Hi – Natalie here.
We received a great question from Philip at Kuwait University about terms used when talking about Sanger Sequencing data. I thought you all might be interested in learning more about this topic, so I talked to my friend Mike in our Technical Support group to get a quick lesson on Sanger sequencing data terms.
Philip’s Q: Greetings! I was wondering if you could help us understand the term “trace” and necessary QC inference from the raw data obtained from capillary electrophoresis? What is the significance of signal strength? What is Trace score, Median PUP, offscale and QV20+?

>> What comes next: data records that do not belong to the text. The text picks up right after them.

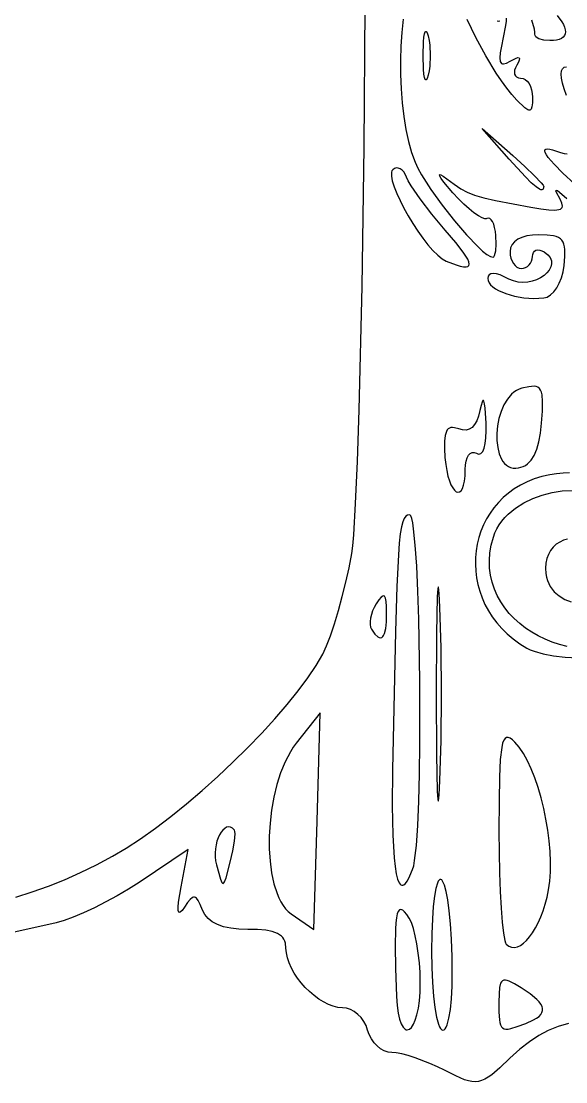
# Model space of a CAD drawing. Header units: millimetres. Extents: x 0.03 to 7.19, y 1.13 to 4.15.
# Drawn here: x 4.249 to 4.789, y 1.209 to 2.261 of the extents above; entities that cross this region are included whole.
import ezdxf

# ---------------------------------------------------------------- set-up
doc = ezdxf.new("R2010")
doc.units = ezdxf.units.MM

msp = doc.modelspace()

# ---------------------------------------------------------------- linework, layer by layer
at = {"flags": 128}
for points in [[(4.244059, 1.392191), (4.260468, 1.397275), (4.276571, 1.402995), (4.292472, 1.40937), (4.308279, 1.416423), (4.324097, 1.424176), (4.340032, 1.432649), (4.353587, 1.440638), (4.367877, 1.450007), (4.382728, 1.460592), (4.397969, 1.472226), (4.413427, 1.484743), (4.428929, 1.497977), (4.444303, 1.511761), (4.459376, 1.525931), (4.473975, 1.540318), (4.487927, 1.554758), (4.501061, 1.569084), (4.513204, 1.58313), (4.524182, 1.59673), (4.533824, 1.609717), (4.541956, 1.621926), (4.548407, 1.633191), (4.552121, 1.641269), (4.556039, 1.651416), (4.560042, 1.663225), (4.564013, 1.676286), (4.567833, 1.690191), (4.571385, 1.704529), (4.574551, 1.718892), (4.577212, 1.732872), (4.578213, 1.740436), (4.579194, 1.751366), (4.581087, 1.782452), (4.582872, 1.824389), (4.584529, 1.875438), (4.587376, 1.997916), (4.589464, 2.135974), (4.590631, 2.275698)], [(4.6281, 2.262939), (4.626759, 2.24988), (4.625896, 2.236221), (4.625511, 2.222175), (4.625607, 2.207954), (4.626187, 2.19377), (4.627252, 2.179834), (4.628805, 2.166357), (4.630847, 2.153553), (4.633382, 2.141632), (4.63641, 2.130807), (4.639935, 2.121288), (4.642771, 2.115345), (4.646434, 2.108724), (4.655759, 2.094033), (4.66695, 2.078387), (4.679048, 2.062957), (4.691091, 2.048915), (4.70212, 2.037435), (4.706955, 2.033021), (4.711175, 2.029687), (4.714662, 2.027579), (4.717296, 2.026844), (4.718151, 2.027282), (4.718885, 2.028536), (4.719943, 2.033144), (4.72038, 2.039963), (4.720101, 2.048288)], [(4.73015, 2.263948), (4.730178, 2.260936), (4.729726, 2.256682), (4.727365, 2.244635), (4.725543, 2.236214), (4.724439, 2.229539), (4.724077, 2.224524), (4.724483, 2.221083), (4.724983, 2.219926), (4.725684, 2.219131), (4.726591, 2.218686), (4.727705, 2.218581), (4.730572, 2.219347), (4.73431, 2.221344), (4.740081, 2.22441), (4.741935, 2.224931), (4.743098, 2.224778), (4.74357, 2.223952), (4.743349, 2.222453), (4.742434, 2.220283), (4.740824, 2.217441), (4.739471, 2.214868), (4.738673, 2.212467), (4.738413, 2.21029), (4.738678, 2.208391), (4.73945, 2.206821), (4.740714, 2.205634), (4.742455, 2.204884), (4.744657, 2.204622), (4.747021, 2.204233), (4.749228, 2.203119), (4.751228, 2.201357), (4.752973, 2.199026), (4.754415, 2.196203), (4.755505, 2.192967), (4.756194, 2.189395), (4.756435, 2.185566), (4.756324, 2.180078), (4.755914, 2.176099), (4.755091, 2.173609), (4.754488, 2.172917), (4.753738, 2.172589), (4.752828, 2.172623), (4.751742, 2.173016), (4.748987, 2.174873), (4.74074, 2.182788), (4.735903, 2.188195), (4.730859, 2.194547), (4.725681, 2.201703), (4.72044, 2.209525), (4.710055, 2.226602), (4.700277, 2.24466), (4.691676, 2.262578)], [(4.780997, 2.266761), (4.785562, 2.260472), (4.787142, 2.257623), (4.788255, 2.254981), (4.788901, 2.252554), (4.789079, 2.250351), (4.78879, 2.248377), (4.788034, 2.246642), (4.786812, 2.245153), (4.785124, 2.243917), (4.78297, 2.242943), (4.78035, 2.242237), (4.777264, 2.241808), (4.773712, 2.241663), (4.767572, 2.242174), (4.762723, 2.243566), (4.760934, 2.244525), (4.75965, 2.245624), (4.758931, 2.246836), (4.758837, 2.248135), (4.758812, 2.250077), (4.758279, 2.253122), (4.755883, 2.261903)], [(4.721426, 2.261349), (4.722834, 2.260915), (4.724144, 2.261342)], [(4.647893, 2.226844), (4.648295, 2.240409), (4.648765, 2.245215), (4.649388, 2.248597), (4.650141, 2.250475), (4.65056, 2.250825), (4.651004, 2.25077), (4.651956, 2.2494), (4.652976, 2.246288), (4.653892, 2.241985), (4.654547, 2.237204), (4.65507, 2.226844), (4.654547, 2.216484), (4.653892, 2.211702), (4.652976, 2.207399), (4.651956, 2.204287), (4.651004, 2.202918), (4.65056, 2.202862), (4.650141, 2.203212), (4.649388, 2.20509), (4.648765, 2.208472), (4.648295, 2.213278), (4.647893, 2.226844)], [(4.790032, 2.187233), (4.787721, 2.193773), (4.786071, 2.199496), (4.785081, 2.204386), (4.784751, 2.208425), (4.785081, 2.211597), (4.786071, 2.213883), (4.787721, 2.215267), (4.790032, 2.215733)], [(4.733365, 2.124066), (4.706435, 2.154622), (4.73699, 2.127677), (4.748854, 2.116938), (4.75857, 2.107597), (4.765135, 2.100658), (4.766922, 2.098401), (4.767546, 2.097122), (4.76711, 2.094608), (4.766549, 2.093927), (4.765746, 2.093642), (4.76469, 2.093761), (4.76337, 2.094291), (4.759898, 2.09662), (4.755246, 2.100696), (4.749329, 2.106584), (4.733365, 2.124066)], [(4.797976, 2.09951), (4.786541, 2.11037), (4.777929, 2.119139), (4.772116, 2.125872), (4.770252, 2.128491), (4.769079, 2.130622), (4.768594, 2.132269), (4.768793, 2.133442), (4.769675, 2.134145), (4.771236, 2.134385), (4.773473, 2.13417), (4.776384, 2.133506), (4.784212, 2.130858), (4.787669, 2.129796), (4.79072, 2.12941)], [(4.669976, 2.053538), (4.656664, 2.069406), (4.644964, 2.084646), (4.636142, 2.097526), (4.633206, 2.102541), (4.631462, 2.106316), (4.630222, 2.109166), (4.628735, 2.111519), (4.627059, 2.113345), (4.625249, 2.114615), (4.623361, 2.115298), (4.621453, 2.115367), (4.619579, 2.11479), (4.617796, 2.113538), (4.617033, 2.112503), (4.616565, 2.111114), (4.616458, 2.10737), (4.617365, 2.102496), (4.619174, 2.096683), (4.621774, 2.090121), (4.625053, 2.083001), (4.628901, 2.075512), (4.633206, 2.067845), (4.637856, 2.060191), (4.642741, 2.05274), (4.647749, 2.045682), (4.652768, 2.039208), (4.657689, 2.033508), (4.662398, 2.028772), (4.666786, 2.025191), (4.67074, 2.022955), (4.680853, 2.019208), (4.684818, 2.018063), (4.688054, 2.017421), (4.690563, 2.017294), (4.692342, 2.017695), (4.693392, 2.018637), (4.693712, 2.020132), (4.693303, 2.022193), (4.692164, 2.024833), (4.687693, 2.0319), (4.680298, 2.041435), (4.669976, 2.053538)], [(4.720101, 2.048288), (4.71963, 2.052509), (4.718907, 2.056271), (4.717968, 2.059504), (4.71685, 2.062139), (4.715587, 2.064106), (4.714217, 2.065335), (4.712774, 2.065757), (4.711296, 2.065302), (4.710425, 2.065004), (4.709307, 2.065019), (4.706402, 2.065934), (4.70272, 2.067942), (4.698398, 2.070939), (4.693576, 2.074821), (4.688391, 2.079484), (4.682983, 2.084822), (4.67749, 2.090733), (4.668616, 2.101255), (4.665964, 2.104892), (4.66453, 2.107378), (4.664338, 2.108662), (4.664715, 2.108836), (4.66541, 2.10869), (4.667768, 2.107411), (4.671435, 2.104774), (4.678789, 2.099218), (4.68523, 2.094847), (4.691653, 2.091355), (4.698954, 2.088438), (4.708027, 2.08579), (4.719769, 2.083106), (4.754837, 2.076413), (4.764694, 2.074754), (4.772537, 2.073789), (4.778483, 2.073547), (4.782645, 2.074063), (4.784093, 2.074613), (4.785138, 2.075365), (4.785795, 2.076322), (4.786078, 2.077487), (4.785578, 2.08046), (4.783754, 2.084316), (4.780256, 2.091033), (4.779712, 2.092755), (4.779756, 2.093209), (4.780016, 2.093392), (4.7812, 2.092949), (4.783295, 2.091429), (4.790351, 2.085177)], [(4.787726, 2.018608), (4.788527, 2.027441), (4.788547, 2.034423), (4.78821, 2.037285), (4.787614, 2.039762), (4.786738, 2.04188), (4.78556, 2.043665), (4.784059, 2.045143), (4.782214, 2.046339), (4.780003, 2.04728), (4.777406, 2.047992), (4.770967, 2.048832), (4.762726, 2.049066), (4.756349, 2.04878), (4.750701, 2.047936), (4.745819, 2.046557), (4.74174, 2.044665), (4.738503, 2.042281), (4.736144, 2.039427), (4.734702, 2.036126), (4.734212, 2.032399), (4.734439, 2.029051), (4.735089, 2.025928), (4.736117, 2.023098), (4.737476, 2.020628), (4.739122, 2.018589), (4.741009, 2.017048), (4.743092, 2.016073), (4.745324, 2.015733), (4.747556, 2.015973), (4.749638, 2.016661), (4.751525, 2.017748), (4.753171, 2.019188), (4.75453, 2.02093), (4.755558, 2.022928), (4.756208, 2.025133), (4.756435, 2.027497), (4.756672, 2.029713), (4.757353, 2.031498), (4.758429, 2.03283), (4.759853, 2.033693), (4.761577, 2.034066), (4.763554, 2.033932), (4.765735, 2.033272), (4.768074, 2.032066), (4.771619, 2.029352), (4.77395, 2.026433), (4.775163, 2.023381), (4.775354, 2.02027), (4.77462, 2.017175), (4.773057, 2.014169), (4.770762, 2.011325), (4.767831, 2.008719), (4.764359, 2.006423), (4.760445, 2.004511), (4.756183, 2.003058), (4.751671, 2.002136), (4.747005, 2.001821), (4.742281, 2.002185), (4.737596, 2.003302), (4.733046, 2.005247), (4.728385, 2.007554), (4.724236, 2.009224), (4.720634, 2.010258), (4.717612, 2.010653), (4.715203, 2.010408), (4.71344, 2.009524), (4.712358, 2.007998), (4.71199, 2.00583), (4.712327, 2.003644), (4.713307, 2.00151), (4.714881, 1.999445), (4.717001, 1.997464), (4.719619, 1.995586), (4.722687, 1.993826), (4.729982, 1.990729), (4.738499, 1.988308), (4.747855, 1.986697), (4.757666, 1.98603), (4.767546, 1.986441), (4.771012, 1.987398), (4.774359, 1.989469), (4.777513, 1.992535), (4.780396, 1.996477), (4.782935, 2.001175), (4.785054, 2.006509), (4.786676, 2.01236), (4.787726, 2.018608)], [(4.765379, 1.862163), (4.766249, 1.874298), (4.766484, 1.883655), (4.76593, 1.89051), (4.765309, 1.893086), (4.764433, 1.895139), (4.763283, 1.896704), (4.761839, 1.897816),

A: Hello! To help you understand the data generated from a capillary electrophoresis, let’s define some of those terms for you:
Trace: The output file from a single lane or capillary on a sequencing instrument that is imported into analysis software such as Sequencing Analysis, Variant Reporter, SeqScape, Variant Analysis module (cloud) or Quality Check module (cloud).
QV20+: Total number of bases in the entire trace that have a basecaller Quality Value >=20.
Quality Value: A measure of certainty of the basecalling and consensus calling algorithms; high quality value corresponding to a low chance of algorithm error. Trace quality values are the per-base quality values for a trace; consensus quality values are per-consensus quality values (more applicable to Variant Analysis module and Variant Reporter).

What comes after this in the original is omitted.